── Material for the task ──
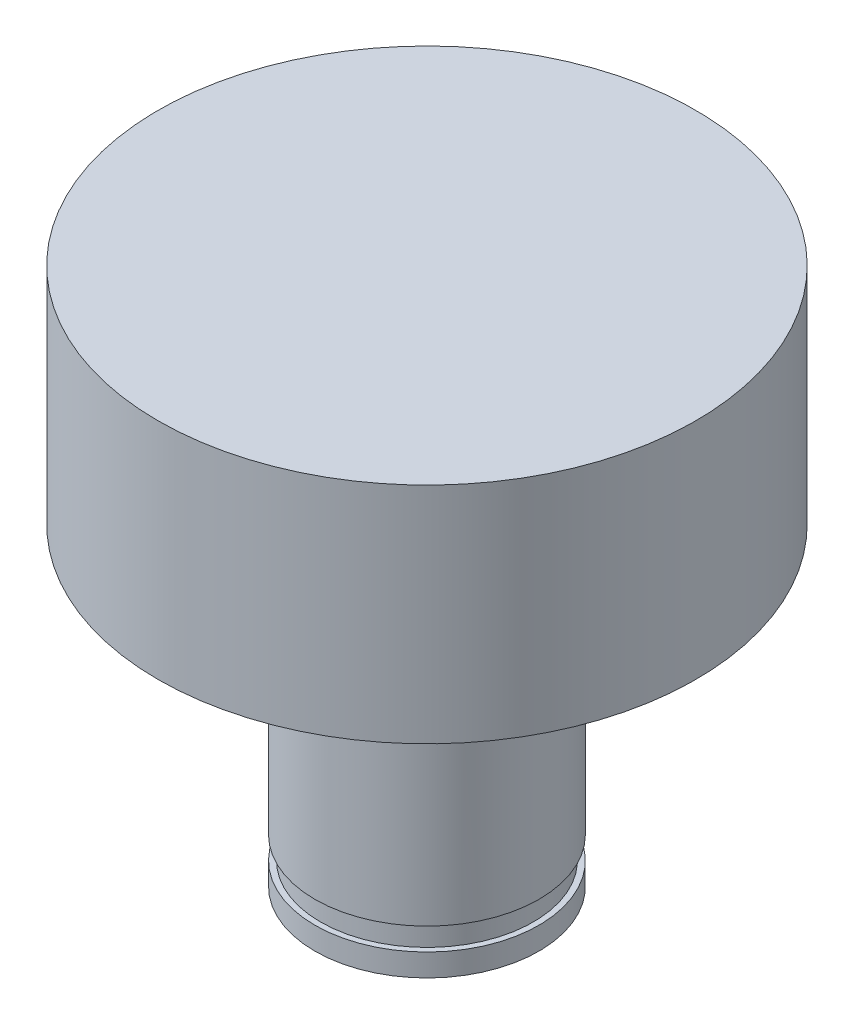
ISO-10303-21;
HEADER;
FILE_DESCRIPTION(('STEP AP214'),'2;1');
FILE_NAME('part.step','',(''),(''),'','','');
FILE_SCHEMA(('AUTOMOTIVE_DESIGN { 1 0 10303 214 1 1 1 1 }'));
ENDSEC;
DATA;
#1=APPLICATION_CONTEXT('core data for automotive mechanical design processes');
#2=APPLICATION_PROTOCOL_DEFINITION('international standard','automotive_design',2000,#1);
#3=PRODUCT_CONTEXT('',#1,'mechanical');
#4=PRODUCT('Part','Part','',(#3));
#5=PRODUCT_RELATED_PRODUCT_CATEGORY('part','',(#4));
#6=PRODUCT_DEFINITION_FORMATION('','',#4);
#7=PRODUCT_DEFINITION_CONTEXT('part definition',#1,'design');
#8=PRODUCT_DEFINITION('design','',#6,#7);
#9=PRODUCT_DEFINITION_SHAPE('','',#8);
#10=(LENGTH_UNIT() NAMED_UNIT(*) SI_UNIT(.MILLI.,.METRE.));
#11=(NAMED_UNIT(*) PLANE_ANGLE_UNIT() SI_UNIT($,.RADIAN.));
#12=(NAMED_UNIT(*) SI_UNIT($,.STERADIAN.) SOLID_ANGLE_UNIT());
#13=UNCERTAINTY_MEASURE_WITH_UNIT(LENGTH_MEASURE(1.E-05),#10,'distance_accuracy_value','');
#14=(GEOMETRIC_REPRESENTATION_CONTEXT(3) GLOBAL_UNCERTAINTY_ASSIGNED_CONTEXT((#13)) GLOBAL_UNIT_ASSIGNED_CONTEXT((#10,
#11,#12)) REPRESENTATION_CONTEXT('',''));
#15=CARTESIAN_POINT('',(0.,0.,0.));
#16=DIRECTION('',(0.,0.,1.));
#17=DIRECTION('',(1.,0.,0.));
#18=AXIS2_PLACEMENT_3D('',#15,#16,#17);
#19=CARTESIAN_POINT('',(0.,-7.,0.));
#20=DIRECTION('',(0.,1.,0.));
#21=DIRECTION('',(0.,0.,1.));
#22=AXIS2_PLACEMENT_3D('',#19,#20,#21);
#23=CYLINDRICAL_SURFACE('',#22,2.5);
#24=CARTESIAN_POINT('',(0.,0.,0.));
#25=DIRECTION('',(0.,1.,0.));
#26=DIRECTION('',(0.,0.,1.));
#27=AXIS2_PLACEMENT_3D('',#24,#25,#26);
#28=CIRCLE('',#27,2.5);
#29=CARTESIAN_POINT('',(0.,0.,2.5));
#30=VERTEX_POINT('',#29);
#31=EDGE_CURVE('E43',#30,#30,#28,.T.);
#32=ORIENTED_EDGE('',*,*,#31,.F.);
#33=EDGE_LOOP('',(#32));
#34=FACE_BOUND('',#33,.T.);
#35=CARTESIAN_POINT('',(0.,-5.99830358410122,0.));
#36=DIRECTION('',(0.,-1.,0.));
#37=DIRECTION('',(0.,0.,-1.));
#38=AXIS2_PLACEMENT_3D('',#35,#36,#37);
#39=CIRCLE('',#38,2.5);
#40=CARTESIAN_POINT('',(0.,-5.99830358410122,-2.5));
#41=VERTEX_POINT('',#40);
#42=EDGE_CURVE('E50',#41,#41,#39,.F.);
#43=ORIENTED_EDGE('',*,*,#42,.T.);
#44=EDGE_LOOP('',(#43));
#45=FACE_BOUND('',#44,.T.);
#46=ADVANCED_FACE('F30',(#34,#45),#23,.T.);
#47=CARTESIAN_POINT('',(0.,5.,0.));
#48=DIRECTION('',(0.,-1.,0.));
#49=DIRECTION('',(0.,0.,-1.));
#50=AXIS2_PLACEMENT_3D('',#47,#48,#49);
#51=CYLINDRICAL_SURFACE('',#50,6.);
#52=CARTESIAN_POINT('',(0.,5.,0.));
#53=DIRECTION('',(0.,1.,0.));
#54=DIRECTION('',(0.,0.,1.));
#55=AXIS2_PLACEMENT_3D('',#52,#53,#54);
#56=CIRCLE('',#55,6.);
#57=CARTESIAN_POINT('',(0.,5.,6.));
#58=VERTEX_POINT('',#57);
#59=EDGE_CURVE('E10',#58,#58,#56,.T.);
#60=ORIENTED_EDGE('',*,*,#59,.F.);
#61=EDGE_LOOP('',(#60));
#62=FACE_BOUND('',#61,.T.);
#63=CARTESIAN_POINT('',(0.,0.,0.));
#64=DIRECTION('',(0.,1.,0.));
#65=DIRECTION('',(0.,0.,1.));
#66=AXIS2_PLACEMENT_3D('',#63,#64,#65);
#67=CIRCLE('',#66,6.);
#68=CARTESIAN_POINT('',(0.,0.,6.));
#69=VERTEX_POINT('',#68);
#70=EDGE_CURVE('E38',#69,#69,#67,.T.);
#71=ORIENTED_EDGE('',*,*,#70,.T.);
#72=EDGE_LOOP('',(#71));
#73=FACE_BOUND('',#72,.T.);
#74=ADVANCED_FACE('F32',(#62,#73),#51,.T.);
#75=CARTESIAN_POINT('',(0.,5.,0.));
#76=DIRECTION('',(0.,1.,0.));
#77=DIRECTION('',(0.,0.,1.));
#78=AXIS2_PLACEMENT_3D('',#75,#76,#77);
#79=PLANE('',#78);
#80=ORIENTED_EDGE('',*,*,#59,.T.);
#81=EDGE_LOOP('',(#80));
#82=FACE_BOUND('',#81,.T.);
#83=ADVANCED_FACE('F77',(#82),#79,.T.);
#84=CARTESIAN_POINT('',(0.,0.,0.));
#85=DIRECTION('',(0.,1.,0.));
#86=DIRECTION('',(0.,0.,1.));
#87=AXIS2_PLACEMENT_3D('',#84,#85,#86);
#88=PLANE('',#87);
#89=ORIENTED_EDGE('',*,*,#31,.T.);
#90=EDGE_LOOP('',(#89));
#91=FACE_BOUND('',#90,.T.);
#92=ORIENTED_EDGE('',*,*,#70,.F.);
#93=EDGE_LOOP('',(#92));
#94=FACE_BOUND('',#93,.T.);
#95=ADVANCED_FACE('F69',(#91,#94),#88,.F.);
#96=CARTESIAN_POINT('',(0.,-57.,0.));
#97=DIRECTION('',(0.,1.,0.));
#98=DIRECTION('',(0.,0.,1.));
#99=AXIS2_PLACEMENT_3D('',#96,#97,#98);
#100=CYLINDRICAL_SURFACE('',#99,2.375);
#101=CARTESIAN_POINT('',(0.,-6.49830358410122,0.));
#102=DIRECTION('',(0.,1.,0.));
#103=DIRECTION('',(0.,0.,1.));
#104=AXIS2_PLACEMENT_3D('',#101,#102,#103);
#105=CIRCLE('',#104,2.375);
#106=CARTESIAN_POINT('',(0.,-6.49830358410122,2.375));
#107=VERTEX_POINT('',#106);
#108=EDGE_CURVE('E52',#107,#107,#105,.T.);
#109=ORIENTED_EDGE('',*,*,#108,.T.);
#110=EDGE_LOOP('',(#109));
#111=FACE_BOUND('',#110,.T.);
#112=CARTESIAN_POINT('',(0.,-5.99830358410122,0.));
#113=DIRECTION('',(0.,1.,0.));
#114=DIRECTION('',(0.,0.,1.));
#115=AXIS2_PLACEMENT_3D('',#112,#113,#114);
#116=CIRCLE('',#115,2.375);
#117=CARTESIAN_POINT('',(0.,-5.99830358410122,2.375));
#118=VERTEX_POINT('',#117);
#119=EDGE_CURVE('E57',#118,#118,#116,.T.);
#120=ORIENTED_EDGE('',*,*,#119,.F.);
#121=EDGE_LOOP('',(#120));
#122=FACE_BOUND('',#121,.T.);
#123=ADVANCED_FACE('F66',(#111,#122),#100,.T.);
#124=CARTESIAN_POINT('',(0.,-6.49830358410122,2.375));
#125=DIRECTION('',(0.,1.,0.));
#126=DIRECTION('',(0.,0.,1.));
#127=AXIS2_PLACEMENT_3D('',#124,#125,#126);
#128=PLANE('',#127);
#129=CARTESIAN_POINT('',(0.,-6.49830358410122,0.));
#130=DIRECTION('',(0.,1.,0.));
#131=DIRECTION('',(0.,0.,1.));
#132=AXIS2_PLACEMENT_3D('',#129,#130,#131);
#133=CIRCLE('',#132,2.5);
#134=CARTESIAN_POINT('',(0.,-6.49830358410122,2.5));
#135=VERTEX_POINT('',#134);
#136=EDGE_CURVE('E34',#135,#135,#133,.F.);
#137=ORIENTED_EDGE('',*,*,#136,.F.);
#138=EDGE_LOOP('',(#137));
#139=FACE_BOUND('',#138,.T.);
#140=ORIENTED_EDGE('',*,*,#108,.F.);
#141=EDGE_LOOP('',(#140));
#142=FACE_BOUND('',#141,.T.);
#143=ADVANCED_FACE('F68',(#139,#142),#128,.T.);
#144=CARTESIAN_POINT('',(0.,-5.99830358410122,3.));
#145=DIRECTION('',(0.,-1.,0.));
#146=DIRECTION('',(0.,0.,-1.));
#147=AXIS2_PLACEMENT_3D('',#144,#145,#146);
#148=PLANE('',#147);
#149=ORIENTED_EDGE('',*,*,#42,.F.);
#150=EDGE_LOOP('',(#149));
#151=FACE_BOUND('',#150,.T.);
#152=ORIENTED_EDGE('',*,*,#119,.T.);
#153=EDGE_LOOP('',(#152));
#154=FACE_BOUND('',#153,.T.);
#155=ADVANCED_FACE('F64',(#151,#154),#148,.T.);
#156=CARTESIAN_POINT('',(0.,-7.,0.));
#157=DIRECTION('',(0.,1.,0.));
#158=DIRECTION('',(0.,0.,1.));
#159=AXIS2_PLACEMENT_3D('',#156,#157,#158);
#160=PLANE('',#159);
#161=CARTESIAN_POINT('',(0.,-7.,0.));
#162=DIRECTION('',(0.,1.,0.));
#163=DIRECTION('',(0.,0.,1.));
#164=AXIS2_PLACEMENT_3D('',#161,#162,#163);
#165=CIRCLE('',#164,2.5);
#166=CARTESIAN_POINT('',(0.,-7.,2.5));
#167=VERTEX_POINT('',#166);
#168=EDGE_CURVE('E46',#167,#167,#165,.T.);
#169=ORIENTED_EDGE('',*,*,#168,.F.);
#170=EDGE_LOOP('',(#169));
#171=FACE_BOUND('',#170,.T.);
#172=ADVANCED_FACE('F91',(#171),#160,.F.);
#173=ORIENTED_EDGE('',*,*,#168,.T.);
#174=EDGE_LOOP('',(#173));
#175=FACE_BOUND('',#174,.T.);
#176=ORIENTED_EDGE('',*,*,#136,.T.);
#177=EDGE_LOOP('',(#176));
#178=FACE_BOUND('',#177,.T.);
#179=ADVANCED_FACE('F83',(#175,#178),#23,.T.);
#180=CLOSED_SHELL('',(#46,#74,#83,#95,#123,#143,#155,#172,#179));
#181=MANIFOLD_SOLID_BREP('B2',#180);
#182=ADVANCED_BREP_SHAPE_REPRESENTATION('',(#18,#181),#14);
#183=SHAPE_DEFINITION_REPRESENTATION(#9,#182);
ENDSEC;
END-ISO-10303-21;
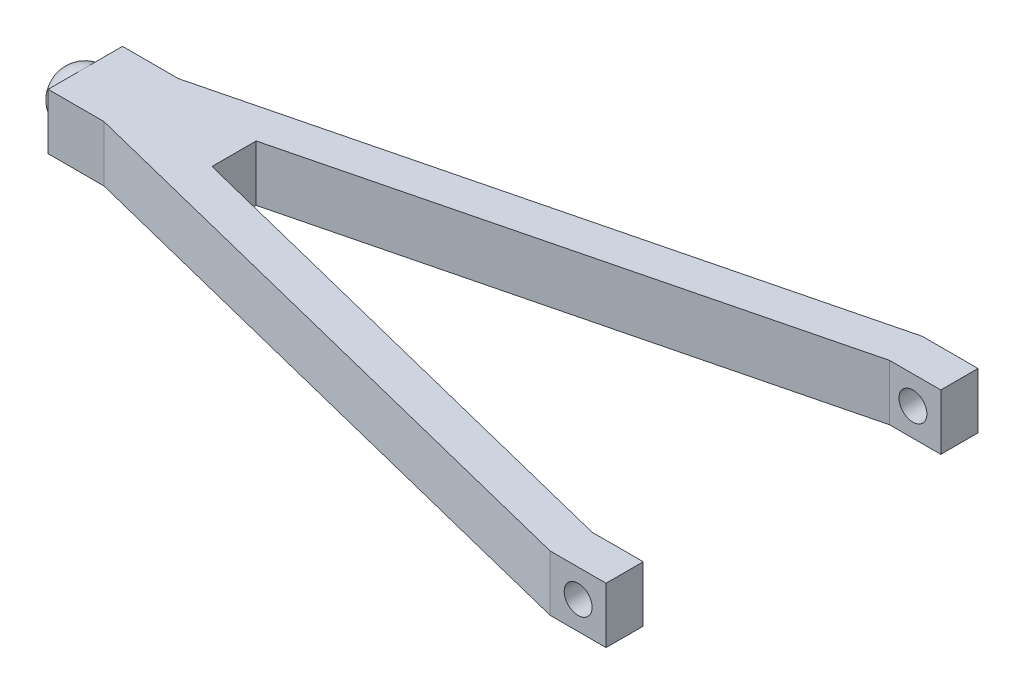
ISO-10303-21;
HEADER;
FILE_DESCRIPTION(('STEP AP214'),'2;1');
FILE_NAME('part.step','',(''),(''),'','','');
FILE_SCHEMA(('AUTOMOTIVE_DESIGN { 1 0 10303 214 1 1 1 1 }'));
ENDSEC;
DATA;
#1=APPLICATION_CONTEXT('core data for automotive mechanical design processes');
#2=APPLICATION_PROTOCOL_DEFINITION('international standard','automotive_design',2000,#1);
#3=PRODUCT_CONTEXT('',#1,'mechanical');
#4=PRODUCT('Part','Part','',(#3));
#5=PRODUCT_RELATED_PRODUCT_CATEGORY('part','',(#4));
#6=PRODUCT_DEFINITION_FORMATION('','',#4);
#7=PRODUCT_DEFINITION_CONTEXT('part definition',#1,'design');
#8=PRODUCT_DEFINITION('design','',#6,#7);
#9=PRODUCT_DEFINITION_SHAPE('','',#8);
#10=(LENGTH_UNIT() NAMED_UNIT(*) SI_UNIT(.MILLI.,.METRE.));
#11=(NAMED_UNIT(*) PLANE_ANGLE_UNIT() SI_UNIT($,.RADIAN.));
#12=(NAMED_UNIT(*) SI_UNIT($,.STERADIAN.) SOLID_ANGLE_UNIT());
#13=UNCERTAINTY_MEASURE_WITH_UNIT(LENGTH_MEASURE(1.E-05),#10,'distance_accuracy_value','');
#14=(GEOMETRIC_REPRESENTATION_CONTEXT(3) GLOBAL_UNCERTAINTY_ASSIGNED_CONTEXT((#13)) GLOBAL_UNIT_ASSIGNED_CONTEXT((#10,
#11,#12)) REPRESENTATION_CONTEXT('',''));
#15=CARTESIAN_POINT('',(0.,0.,0.));
#16=DIRECTION('',(0.,0.,1.));
#17=DIRECTION('',(1.,0.,0.));
#18=AXIS2_PLACEMENT_3D('',#15,#16,#17);
#19=CARTESIAN_POINT('',(-482.6,38.1,-25.4));
#20=DIRECTION('',(1.,0.,0.));
#21=DIRECTION('',(0.,0.,-1.));
#22=AXIS2_PLACEMENT_3D('',#19,#20,#21);
#23=PLANE('',#22);
#24=DIRECTION('',(0.,0.,1.));
#25=VECTOR('',#24,1.);
#26=CARTESIAN_POINT('',(-482.6,38.1,-25.4));
#27=LINE('',#26,#25);
#28=CARTESIAN_POINT('',(-482.6,38.1,0.));
#29=VERTEX_POINT('',#28);
#30=CARTESIAN_POINT('',(-482.6,38.1,25.4));
#31=VERTEX_POINT('',#30);
#32=EDGE_CURVE('E248',#29,#31,#27,.T.);
#33=ORIENTED_EDGE('',*,*,#32,.F.);
#34=CARTESIAN_POINT('',(-482.6,19.05,0.));
#35=DIRECTION('',(1.,0.,0.));
#36=DIRECTION('',(0.,0.,-1.));
#37=AXIS2_PLACEMENT_3D('',#34,#35,#36);
#38=CIRCLE('',#37,19.05);
#39=CARTESIAN_POINT('',(-482.6,0.,0.));
#40=VERTEX_POINT('',#39);
#41=EDGE_CURVE('E11',#29,#40,#38,.T.);
#42=ORIENTED_EDGE('',*,*,#41,.T.);
#43=DIRECTION('',(0.,0.,1.));
#44=VECTOR('',#43,1.);
#45=CARTESIAN_POINT('',(-482.6,0.,-25.4));
#46=LINE('',#45,#44);
#47=CARTESIAN_POINT('',(-482.6,0.,25.4));
#48=VERTEX_POINT('',#47);
#49=EDGE_CURVE('E185',#40,#48,#46,.T.);
#50=ORIENTED_EDGE('',*,*,#49,.T.);
#51=DIRECTION('',(0.,-1.,0.));
#52=VECTOR('',#51,1.);
#53=CARTESIAN_POINT('',(-482.6,38.1,25.4));
#54=LINE('',#53,#52);
#55=EDGE_CURVE('E229',#31,#48,#54,.T.);
#56=ORIENTED_EDGE('',*,*,#55,.F.);
#57=EDGE_LOOP('',(#33,#42,#50,#56));
#58=FACE_BOUND('',#57,.T.);
#59=ADVANCED_FACE('F35',(#58),#23,.F.);
#60=CARTESIAN_POINT('',(-38.1,38.1,-127.));
#61=DIRECTION('',(0.,0.,1.));
#62=DIRECTION('',(1.,0.,0.));
#63=AXIS2_PLACEMENT_3D('',#60,#61,#62);
#64=PLANE('',#63);
#65=CARTESIAN_POINT('',(-19.05,19.05,-127.));
#66=DIRECTION('',(0.,0.,1.));
#67=DIRECTION('',(1.,0.,0.));
#68=AXIS2_PLACEMENT_3D('',#65,#66,#67);
#69=CIRCLE('',#68,9.525);
#70=CARTESIAN_POINT('',(-9.525,19.05,-127.));
#71=VERTEX_POINT('',#70);
#72=EDGE_CURVE('E293',#71,#71,#69,.T.);
#73=ORIENTED_EDGE('',*,*,#72,.T.);
#74=EDGE_LOOP('',(#73));
#75=FACE_BOUND('',#74,.T.);
#76=DIRECTION('',(-1.,0.,0.));
#77=VECTOR('',#76,1.);
#78=CARTESIAN_POINT('',(-38.1,0.,-127.));
#79=LINE('',#78,#77);
#80=CARTESIAN_POINT('',(0.,0.,-127.));
#81=VERTEX_POINT('',#80);
#82=CARTESIAN_POINT('',(-38.1,0.,-127.));
#83=VERTEX_POINT('',#82);
#84=EDGE_CURVE('E177',#81,#83,#79,.T.);
#85=ORIENTED_EDGE('',*,*,#84,.T.);
#86=DIRECTION('',(0.,-1.,0.));
#87=VECTOR('',#86,1.);
#88=CARTESIAN_POINT('',(-38.1,38.1,-127.));
#89=LINE('',#88,#87);
#90=CARTESIAN_POINT('',(-38.1,38.1,-127.));
#91=VERTEX_POINT('',#90);
#92=EDGE_CURVE('E238',#91,#83,#89,.T.);
#93=ORIENTED_EDGE('',*,*,#92,.F.);
#94=DIRECTION('',(-1.,0.,0.));
#95=VECTOR('',#94,1.);
#96=CARTESIAN_POINT('',(-38.1,38.1,-127.));
#97=LINE('',#96,#95);
#98=CARTESIAN_POINT('',(0.,38.1,-127.));
#99=VERTEX_POINT('',#98);
#100=EDGE_CURVE('E207',#99,#91,#97,.T.);
#101=ORIENTED_EDGE('',*,*,#100,.F.);
#102=DIRECTION('',(0.,-1.,0.));
#103=VECTOR('',#102,1.);
#104=CARTESIAN_POINT('',(0.,38.1,-127.));
#105=LINE('',#104,#103);
#106=EDGE_CURVE('E173',#99,#81,#105,.T.);
#107=ORIENTED_EDGE('',*,*,#106,.T.);
#108=EDGE_LOOP('',(#85,#93,#101,#107));
#109=FACE_BOUND('',#108,.T.);
#110=ADVANCED_FACE('F37',(#75,#109),#64,.F.);
#111=CARTESIAN_POINT('',(-38.1,38.1,-127.));
#112=DIRECTION('',(0.242535625036333,0.,0.970142500145332));
#113=DIRECTION('',(0.970142500145332,0.,-0.242535625036333));
#114=AXIS2_PLACEMENT_3D('',#111,#112,#113);
#115=PLANE('',#114);
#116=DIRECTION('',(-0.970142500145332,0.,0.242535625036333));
───
Your instructions: Among the entries above, the line containing "#72=EDGE_LOOP('',(#71));", the line containing "#118=VERTEX_POINT('',#117);", and all lines between them are to be restated word for word; nothing else belongs in the reply.

Solution below:
#72=EDGE_LOOP('',(#71));
#73=FACE_BOUND('',#72,.T.);
#74=ADVANCED_FACE('F32',(#62,#73),#51,.T.);
#75=CARTESIAN_POINT('',(0.,5.,0.));
#76=DIRECTION('',(0.,1.,0.));
#77=DIRECTION('',(0.,0.,1.));
#78=AXIS2_PLACEMENT_3D('',#75,#76,#77);
#79=PLANE('',#78);
#80=ORIENTED_EDGE('',*,*,#59,.T.);
#81=EDGE_LOOP('',(#80));
#82=FACE_BOUND('',#81,.T.);
#83=ADVANCED_FACE('F77',(#82),#79,.T.);
#84=CARTESIAN_POINT('',(0.,0.,0.));
#85=DIRECTION('',(0.,1.,0.));
#86=DIRECTION('',(0.,0.,1.));
#87=AXIS2_PLACEMENT_3D('',#84,#85,#86);
#88=PLANE('',#87);
#89=ORIENTED_EDGE('',*,*,#31,.T.);
#90=EDGE_LOOP('',(#89));
#91=FACE_BOUND('',#90,.T.);
#92=ORIENTED_EDGE('',*,*,#70,.F.);
#93=EDGE_LOOP('',(#92));
#94=FACE_BOUND('',#93,.T.);
#95=ADVANCED_FACE('F69',(#91,#94),#88,.F.);
#96=CARTESIAN_POINT('',(0.,-57.,0.));
#97=DIRECTION('',(0.,1.,0.));
#98=DIRECTION('',(0.,0.,1.));
#99=AXIS2_PLACEMENT_3D('',#96,#97,#98);
#100=CYLINDRICAL_SURFACE('',#99,2.375);
#101=CARTESIAN_POINT('',(0.,-6.49830358410122,0.));
#102=DIRECTION('',(0.,1.,0.));
#103=DIRECTION('',(0.,0.,1.));
#104=AXIS2_PLACEMENT_3D('',#101,#102,#103);
#105=CIRCLE('',#104,2.375);
#106=CARTESIAN_POINT('',(0.,-6.49830358410122,2.375));
#107=VERTEX_POINT('',#106);
#108=EDGE_CURVE('E52',#107,#107,#105,.T.);
#109=ORIENTED_EDGE('',*,*,#108,.T.);
#110=EDGE_LOOP('',(#109));
#111=FACE_BOUND('',#110,.T.);
#112=CARTESIAN_POINT('',(0.,-5.99830358410122,0.));
#113=DIRECTION('',(0.,1.,0.));
#114=DIRECTION('',(0.,0.,1.));
#115=AXIS2_PLACEMENT_3D('',#112,#113,#114);
#116=CIRCLE('',#115,2.375);
#117=CARTESIAN_POINT('',(0.,-5.99830358410122,2.375));
#118=VERTEX_POINT('',#117);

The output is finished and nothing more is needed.